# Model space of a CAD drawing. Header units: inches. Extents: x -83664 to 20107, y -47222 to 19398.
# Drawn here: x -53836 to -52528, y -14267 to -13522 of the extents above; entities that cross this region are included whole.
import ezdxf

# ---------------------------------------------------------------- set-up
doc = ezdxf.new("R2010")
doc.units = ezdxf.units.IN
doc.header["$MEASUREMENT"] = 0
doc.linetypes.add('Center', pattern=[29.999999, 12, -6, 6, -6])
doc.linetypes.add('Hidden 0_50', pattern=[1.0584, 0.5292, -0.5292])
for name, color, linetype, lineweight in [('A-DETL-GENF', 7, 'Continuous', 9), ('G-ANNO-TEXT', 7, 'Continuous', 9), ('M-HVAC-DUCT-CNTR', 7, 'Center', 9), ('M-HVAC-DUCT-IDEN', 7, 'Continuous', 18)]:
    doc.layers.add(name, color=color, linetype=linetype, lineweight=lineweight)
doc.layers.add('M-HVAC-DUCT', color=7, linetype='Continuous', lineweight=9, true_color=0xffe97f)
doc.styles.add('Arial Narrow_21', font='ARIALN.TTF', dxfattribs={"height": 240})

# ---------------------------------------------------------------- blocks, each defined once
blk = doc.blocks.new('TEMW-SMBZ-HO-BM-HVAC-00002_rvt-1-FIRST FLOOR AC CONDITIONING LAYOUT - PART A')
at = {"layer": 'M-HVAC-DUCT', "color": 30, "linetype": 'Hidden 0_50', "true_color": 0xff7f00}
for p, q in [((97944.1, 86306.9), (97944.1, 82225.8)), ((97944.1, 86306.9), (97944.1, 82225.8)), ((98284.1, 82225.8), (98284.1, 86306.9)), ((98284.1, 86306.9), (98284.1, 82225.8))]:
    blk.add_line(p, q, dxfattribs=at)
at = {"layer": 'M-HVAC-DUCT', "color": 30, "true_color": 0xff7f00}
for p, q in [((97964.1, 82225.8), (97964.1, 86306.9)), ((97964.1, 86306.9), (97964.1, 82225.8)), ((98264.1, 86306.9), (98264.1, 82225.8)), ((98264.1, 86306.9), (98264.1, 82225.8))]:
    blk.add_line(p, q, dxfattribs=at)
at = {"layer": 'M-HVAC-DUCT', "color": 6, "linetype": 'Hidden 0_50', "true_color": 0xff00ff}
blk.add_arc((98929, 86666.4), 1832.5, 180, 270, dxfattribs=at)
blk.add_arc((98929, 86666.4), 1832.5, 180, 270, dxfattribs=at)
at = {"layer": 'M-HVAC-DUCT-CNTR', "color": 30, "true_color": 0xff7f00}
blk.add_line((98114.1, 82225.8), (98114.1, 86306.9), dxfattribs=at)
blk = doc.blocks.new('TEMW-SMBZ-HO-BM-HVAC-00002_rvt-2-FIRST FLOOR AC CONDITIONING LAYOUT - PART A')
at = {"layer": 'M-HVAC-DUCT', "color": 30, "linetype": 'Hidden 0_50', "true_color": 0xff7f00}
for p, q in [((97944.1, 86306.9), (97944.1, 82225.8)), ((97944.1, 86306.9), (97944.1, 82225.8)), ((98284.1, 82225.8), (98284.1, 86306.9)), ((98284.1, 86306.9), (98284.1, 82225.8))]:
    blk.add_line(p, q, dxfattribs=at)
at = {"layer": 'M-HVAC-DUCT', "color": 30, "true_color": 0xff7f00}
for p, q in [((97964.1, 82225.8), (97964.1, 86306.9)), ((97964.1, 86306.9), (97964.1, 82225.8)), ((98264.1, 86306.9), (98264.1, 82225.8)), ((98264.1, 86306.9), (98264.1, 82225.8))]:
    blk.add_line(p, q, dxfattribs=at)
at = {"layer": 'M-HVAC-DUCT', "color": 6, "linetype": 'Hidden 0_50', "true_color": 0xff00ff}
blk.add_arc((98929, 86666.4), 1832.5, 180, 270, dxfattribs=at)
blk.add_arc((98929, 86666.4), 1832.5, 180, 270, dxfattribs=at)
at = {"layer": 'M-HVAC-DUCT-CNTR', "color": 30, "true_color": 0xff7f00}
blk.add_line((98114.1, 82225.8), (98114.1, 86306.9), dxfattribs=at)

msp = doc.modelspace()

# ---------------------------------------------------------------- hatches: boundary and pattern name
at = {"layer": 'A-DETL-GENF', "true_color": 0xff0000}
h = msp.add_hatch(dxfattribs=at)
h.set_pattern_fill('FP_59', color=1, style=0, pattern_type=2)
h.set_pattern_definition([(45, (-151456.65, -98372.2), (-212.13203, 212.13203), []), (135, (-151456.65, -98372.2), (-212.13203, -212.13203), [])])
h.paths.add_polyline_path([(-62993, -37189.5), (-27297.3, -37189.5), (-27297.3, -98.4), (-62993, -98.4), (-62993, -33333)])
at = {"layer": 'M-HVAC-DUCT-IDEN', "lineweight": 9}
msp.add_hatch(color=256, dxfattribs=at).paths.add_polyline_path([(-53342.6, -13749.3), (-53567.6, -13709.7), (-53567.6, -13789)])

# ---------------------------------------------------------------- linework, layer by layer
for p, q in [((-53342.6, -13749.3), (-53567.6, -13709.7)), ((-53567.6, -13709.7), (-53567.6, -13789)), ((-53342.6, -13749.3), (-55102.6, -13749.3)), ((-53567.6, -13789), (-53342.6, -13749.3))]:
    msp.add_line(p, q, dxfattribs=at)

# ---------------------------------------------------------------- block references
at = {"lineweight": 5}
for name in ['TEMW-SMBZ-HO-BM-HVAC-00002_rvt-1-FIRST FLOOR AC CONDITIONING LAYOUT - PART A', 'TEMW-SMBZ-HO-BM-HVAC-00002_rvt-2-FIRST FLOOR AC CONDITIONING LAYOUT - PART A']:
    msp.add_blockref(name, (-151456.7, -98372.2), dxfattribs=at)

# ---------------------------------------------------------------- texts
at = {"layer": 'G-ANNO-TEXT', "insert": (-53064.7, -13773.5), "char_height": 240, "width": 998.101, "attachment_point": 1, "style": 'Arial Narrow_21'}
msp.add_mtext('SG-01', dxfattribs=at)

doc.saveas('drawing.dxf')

- - - -

◆ **EXERCISE DETAILS**
Start to finish, give the listing again exactly.

◆ **RESULT OF THIS TASK**
# Model space of a CAD drawing. Header units: inches. Extents: x -83664 to 20107, y -47222 to 19398.
# Drawn here: x -53836 to -52528, y -14267 to -13522 of the extents above; entities that cross this region are included whole.
import ezdxf

# ---------------------------------------------------------------- set-up
doc = ezdxf.new("R2010")
doc.units = ezdxf.units.IN
doc.header["$MEASUREMENT"] = 0
doc.linetypes.add('Center', pattern=[29.999999, 12, -6, 6, -6])
doc.linetypes.add('Hidden 0_50', pattern=[1.0584, 0.5292, -0.5292])
for name, color, linetype, lineweight in [('A-DETL-GENF', 7, 'Continuous', 9), ('G-ANNO-TEXT', 7, 'Continuous', 9), ('M-HVAC-DUCT-CNTR', 7, 'Center', 9), ('M-HVAC-DUCT-IDEN', 7, 'Continuous', 18)]:
    doc.layers.add(name, color=color, linetype=linetype, lineweight=lineweight)
doc.layers.add('M-HVAC-DUCT', color=7, linetype='Continuous', lineweight=9, true_color=0xffe97f)
doc.styles.add('Arial Narrow_21', font='ARIALN.TTF', dxfattribs={"height": 240})

# ---------------------------------------------------------------- blocks, each defined once
blk = doc.blocks.new('TEMW-SMBZ-HO-BM-HVAC-00002_rvt-1-FIRST FLOOR AC CONDITIONING LAYOUT - PART A')
at = {"layer": 'M-HVAC-DUCT', "color": 30, "linetype": 'Hidden 0_50', "true_color": 0xff7f00}
for p, q in [((97944.1, 86306.9), (97944.1, 82225.8)), ((97944.1, 86306.9), (97944.1, 82225.8)), ((98284.1, 82225.8), (98284.1, 86306.9)), ((98284.1, 86306.9), (98284.1, 82225.8))]:
    blk.add_line(p, q, dxfattribs=at)
at = {"layer": 'M-HVAC-DUCT', "color": 30, "true_color": 0xff7f00}
for p, q in [((97964.1, 82225.8), (97964.1, 86306.9)), ((97964.1, 86306.9), (97964.1, 82225.8)), ((98264.1, 86306.9), (98264.1, 82225.8)), ((98264.1, 86306.9), (98264.1, 82225.8))]:
    blk.add_line(p, q, dxfattribs=at)
at = {"layer": 'M-HVAC-DUCT', "color": 6, "linetype": 'Hidden 0_50', "true_color": 0xff00ff}
blk.add_arc((98929, 86666.4), 1832.5, 180, 270, dxfattribs=at)
blk.add_arc((98929, 86666.4), 1832.5, 180, 270, dxfattribs=at)
at = {"layer": 'M-HVAC-DUCT-CNTR', "color": 30, "true_color": 0xff7f00}
blk.add_line((98114.1, 82225.8), (98114.1, 86306.9), dxfattribs=at)
blk = doc.blocks.new('TEMW-SMBZ-HO-BM-HVAC-00002_rvt-2-FIRST FLOOR AC CONDITIONING LAYOUT - PART A')
at = {"layer": 'M-HVAC-DUCT', "color": 30, "linetype": 'Hidden 0_50', "true_color": 0xff7f00}
for p, q in [((97944.1, 86306.9), (97944.1, 82225.8)), ((97944.1, 86306.9), (97944.1, 82225.8)), ((98284.1, 82225.8), (98284.1, 86306.9)), ((98284.1, 86306.9), (98284.1, 82225.8))]:
    blk.add_line(p, q, dxfattribs=at)
at = {"layer": 'M-HVAC-DUCT', "color": 30, "true_color": 0xff7f00}
for p, q in [((97964.1, 82225.8), (97964.1, 86306.9)), ((97964.1, 86306.9), (97964.1, 82225.8)), ((98264.1, 86306.9), (98264.1, 82225.8)), ((98264.1, 86306.9), (98264.1, 82225.8))]:
    blk.add_line(p, q, dxfattribs=at)
at = {"layer": 'M-HVAC-DUCT', "color": 6, "linetype": 'Hidden 0_50', "true_color": 0xff00ff}
blk.add_arc((98929, 86666.4), 1832.5, 180, 270, dxfattribs=at)
blk.add_arc((98929, 86666.4), 1832.5, 180, 270, dxfattribs=at)
at = {"layer": 'M-HVAC-DUCT-CNTR', "color": 30, "true_color": 0xff7f00}
blk.add_line((98114.1, 82225.8), (98114.1, 86306.9), dxfattribs=at)

msp = doc.modelspace()

# ---------------------------------------------------------------- hatches: boundary and pattern name
at = {"layer": 'A-DETL-GENF', "true_color": 0xff0000}
h = msp.add_hatch(dxfattribs=at)
h.set_pattern_fill('FP_59', color=1, style=0, pattern_type=2)
h.set_pattern_definition([(45, (-151456.65, -98372.2), (-212.13203, 212.13203), []), (135, (-151456.65, -98372.2), (-212.13203, -212.13203), [])])
h.paths.add_polyline_path([(-62993, -37189.5), (-27297.3, -37189.5), (-27297.3, -98.4), (-62993, -98.4), (-62993, -33333)])
at = {"layer": 'M-HVAC-DUCT-IDEN', "lineweight": 9}
msp.add_hatch(color=256, dxfattribs=at).paths.add_polyline_path([(-53342.6, -13749.3), (-53567.6, -13709.7), (-53567.6, -13789)])

# ---------------------------------------------------------------- linework, layer by layer
for p, q in [((-53342.6, -13749.3), (-53567.6, -13709.7)), ((-53567.6, -13709.7), (-53567.6, -13789)), ((-53342.6, -13749.3), (-55102.6, -13749.3)), ((-53567.6, -13789), (-53342.6, -13749.3))]:
    msp.add_line(p, q, dxfattribs=at)

# ---------------------------------------------------------------- block references
at = {"lineweight": 5}
for name in ['TEMW-SMBZ-HO-BM-HVAC-00002_rvt-1-FIRST FLOOR AC CONDITIONING LAYOUT - PART A', 'TEMW-SMBZ-HO-BM-HVAC-00002_rvt-2-FIRST FLOOR AC CONDITIONING LAYOUT - PART A']:
    msp.add_blockref(name, (-151456.7, -98372.2), dxfattribs=at)

# ---------------------------------------------------------------- texts
at = {"layer": 'G-ANNO-TEXT', "insert": (-53064.7, -13773.5), "char_height": 240, "width": 998.101, "attachment_point": 1, "style": 'Arial Narrow_21'}
msp.add_mtext('SG-01', dxfattribs=at)

doc.saveas('drawing.dxf')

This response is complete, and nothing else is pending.